After some initial filtering of the applications I was lucky enough to be one of only 30 candidates selected for the first round of tests and interviews in Innsbruck, Austria. It seemed like the first part of the test was to get to there, as city is not easy to find convenient flights between the UK and Innsbruck!
A few of us started to meet up in the evening before testing was to start, and despite the details we had been given by the OeWF we started to speculate over what it might be like, with more and more elaborate ideas, making us ever so slightly nervous…
We started early(ish) on the Saturday morning. Each person I met was more impressive than the last. You know you are among some truly talented people when you hear the words „I only have two Masters degrees…“and „While I was in Antarctica..“ floating across the room.

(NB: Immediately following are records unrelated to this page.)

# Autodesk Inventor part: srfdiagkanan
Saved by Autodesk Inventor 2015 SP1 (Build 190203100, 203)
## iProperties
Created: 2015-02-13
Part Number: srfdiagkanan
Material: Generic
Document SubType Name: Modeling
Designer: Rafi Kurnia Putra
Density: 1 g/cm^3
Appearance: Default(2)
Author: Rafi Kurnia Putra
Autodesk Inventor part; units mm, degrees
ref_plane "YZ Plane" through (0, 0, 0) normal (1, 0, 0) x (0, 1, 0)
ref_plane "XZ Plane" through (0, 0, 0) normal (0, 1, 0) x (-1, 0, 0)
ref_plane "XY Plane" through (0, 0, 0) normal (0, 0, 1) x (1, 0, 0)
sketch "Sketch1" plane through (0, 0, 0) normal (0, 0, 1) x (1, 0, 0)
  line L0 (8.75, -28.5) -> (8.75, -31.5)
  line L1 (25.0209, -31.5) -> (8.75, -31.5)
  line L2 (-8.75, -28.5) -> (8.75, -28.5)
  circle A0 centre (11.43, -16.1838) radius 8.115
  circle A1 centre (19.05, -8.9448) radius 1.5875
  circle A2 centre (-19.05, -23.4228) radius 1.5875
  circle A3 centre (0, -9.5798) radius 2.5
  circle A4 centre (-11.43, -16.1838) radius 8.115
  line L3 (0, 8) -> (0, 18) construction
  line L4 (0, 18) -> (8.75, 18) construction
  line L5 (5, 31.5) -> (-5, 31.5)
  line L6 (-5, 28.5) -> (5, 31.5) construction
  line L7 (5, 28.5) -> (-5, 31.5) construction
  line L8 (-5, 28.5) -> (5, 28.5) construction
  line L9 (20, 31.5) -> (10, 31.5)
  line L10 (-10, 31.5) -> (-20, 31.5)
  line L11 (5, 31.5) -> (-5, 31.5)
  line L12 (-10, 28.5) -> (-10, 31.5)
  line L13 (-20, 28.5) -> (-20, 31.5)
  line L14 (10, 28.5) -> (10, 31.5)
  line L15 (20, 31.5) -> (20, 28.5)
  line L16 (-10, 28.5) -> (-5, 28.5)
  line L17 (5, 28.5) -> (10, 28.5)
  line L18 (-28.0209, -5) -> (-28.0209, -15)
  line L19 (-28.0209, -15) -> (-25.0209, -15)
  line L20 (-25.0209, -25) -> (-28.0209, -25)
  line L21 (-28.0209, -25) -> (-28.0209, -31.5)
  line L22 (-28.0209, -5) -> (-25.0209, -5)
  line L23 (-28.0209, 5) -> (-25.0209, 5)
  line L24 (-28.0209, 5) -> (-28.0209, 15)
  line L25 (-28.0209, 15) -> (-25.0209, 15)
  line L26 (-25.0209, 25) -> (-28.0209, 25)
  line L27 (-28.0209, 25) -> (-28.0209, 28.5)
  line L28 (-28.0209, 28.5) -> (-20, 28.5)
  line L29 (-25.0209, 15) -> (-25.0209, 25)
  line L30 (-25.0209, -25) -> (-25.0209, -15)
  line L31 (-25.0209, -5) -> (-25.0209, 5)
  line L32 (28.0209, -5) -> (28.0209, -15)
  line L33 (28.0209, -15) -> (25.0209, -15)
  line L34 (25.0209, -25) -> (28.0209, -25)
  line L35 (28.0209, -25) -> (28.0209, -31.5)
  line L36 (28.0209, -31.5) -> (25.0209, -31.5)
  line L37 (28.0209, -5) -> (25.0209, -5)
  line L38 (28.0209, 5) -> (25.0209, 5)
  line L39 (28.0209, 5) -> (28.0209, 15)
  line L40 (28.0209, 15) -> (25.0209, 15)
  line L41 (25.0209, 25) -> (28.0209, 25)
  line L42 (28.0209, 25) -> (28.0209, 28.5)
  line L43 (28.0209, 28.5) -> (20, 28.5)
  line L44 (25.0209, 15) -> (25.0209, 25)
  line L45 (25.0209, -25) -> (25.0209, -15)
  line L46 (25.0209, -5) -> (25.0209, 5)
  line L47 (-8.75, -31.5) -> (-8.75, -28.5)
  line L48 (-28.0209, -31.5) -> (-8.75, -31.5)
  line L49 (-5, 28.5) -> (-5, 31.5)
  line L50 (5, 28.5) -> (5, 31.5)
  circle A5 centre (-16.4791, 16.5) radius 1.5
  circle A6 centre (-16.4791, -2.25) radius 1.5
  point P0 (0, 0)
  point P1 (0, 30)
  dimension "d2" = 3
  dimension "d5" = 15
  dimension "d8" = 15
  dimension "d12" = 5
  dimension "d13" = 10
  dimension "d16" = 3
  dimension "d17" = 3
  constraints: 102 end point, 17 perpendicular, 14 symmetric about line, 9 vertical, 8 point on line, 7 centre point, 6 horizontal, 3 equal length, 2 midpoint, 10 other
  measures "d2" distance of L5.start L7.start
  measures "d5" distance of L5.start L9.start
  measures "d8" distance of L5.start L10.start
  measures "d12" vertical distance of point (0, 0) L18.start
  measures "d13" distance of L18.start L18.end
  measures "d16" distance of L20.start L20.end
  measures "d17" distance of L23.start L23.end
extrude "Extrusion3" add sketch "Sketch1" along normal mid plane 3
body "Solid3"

What you quickly come to realise, though, through the conversations and getting to know this extraordinary group of people, is that each of them has a unique set of skills and experiences and education, but that they compliment each other in a way that would create a really strong and capable team. Rather than feeling in direct competition with everyone else, we quickly developed a camaraderie that genuinely wanted the best for everyone. If only the OeWF had 30 places.
I think everyone left the weekends activities feeling as though they had done their best, and that whomever was chosen, they would genuinely be the best candidates to go forward to the last round.
I was one of the fortunate candidates selected to continue into the C selection. Again, the first ‘test’ was finding flights that would match the testing period, especially as it gets closer to main skiing season!
If I felt in awe of the original 30, the final 15 were obviously going to be even more impressive. Imposter syndrome kicks-in and you find yourself thinking, perhaps, that everyone else has managed to achieve more than you. But what you realise is that its not more or less impressive (except for a few of them ;) ), but what strikes you is the amazing diversity of experiences and talents represented in such a small group – from Doctors to Chemists, to Physicists and Biologists. Each of us is (potentially) part of the puzzle to creating the perfect Analog Astronaut team.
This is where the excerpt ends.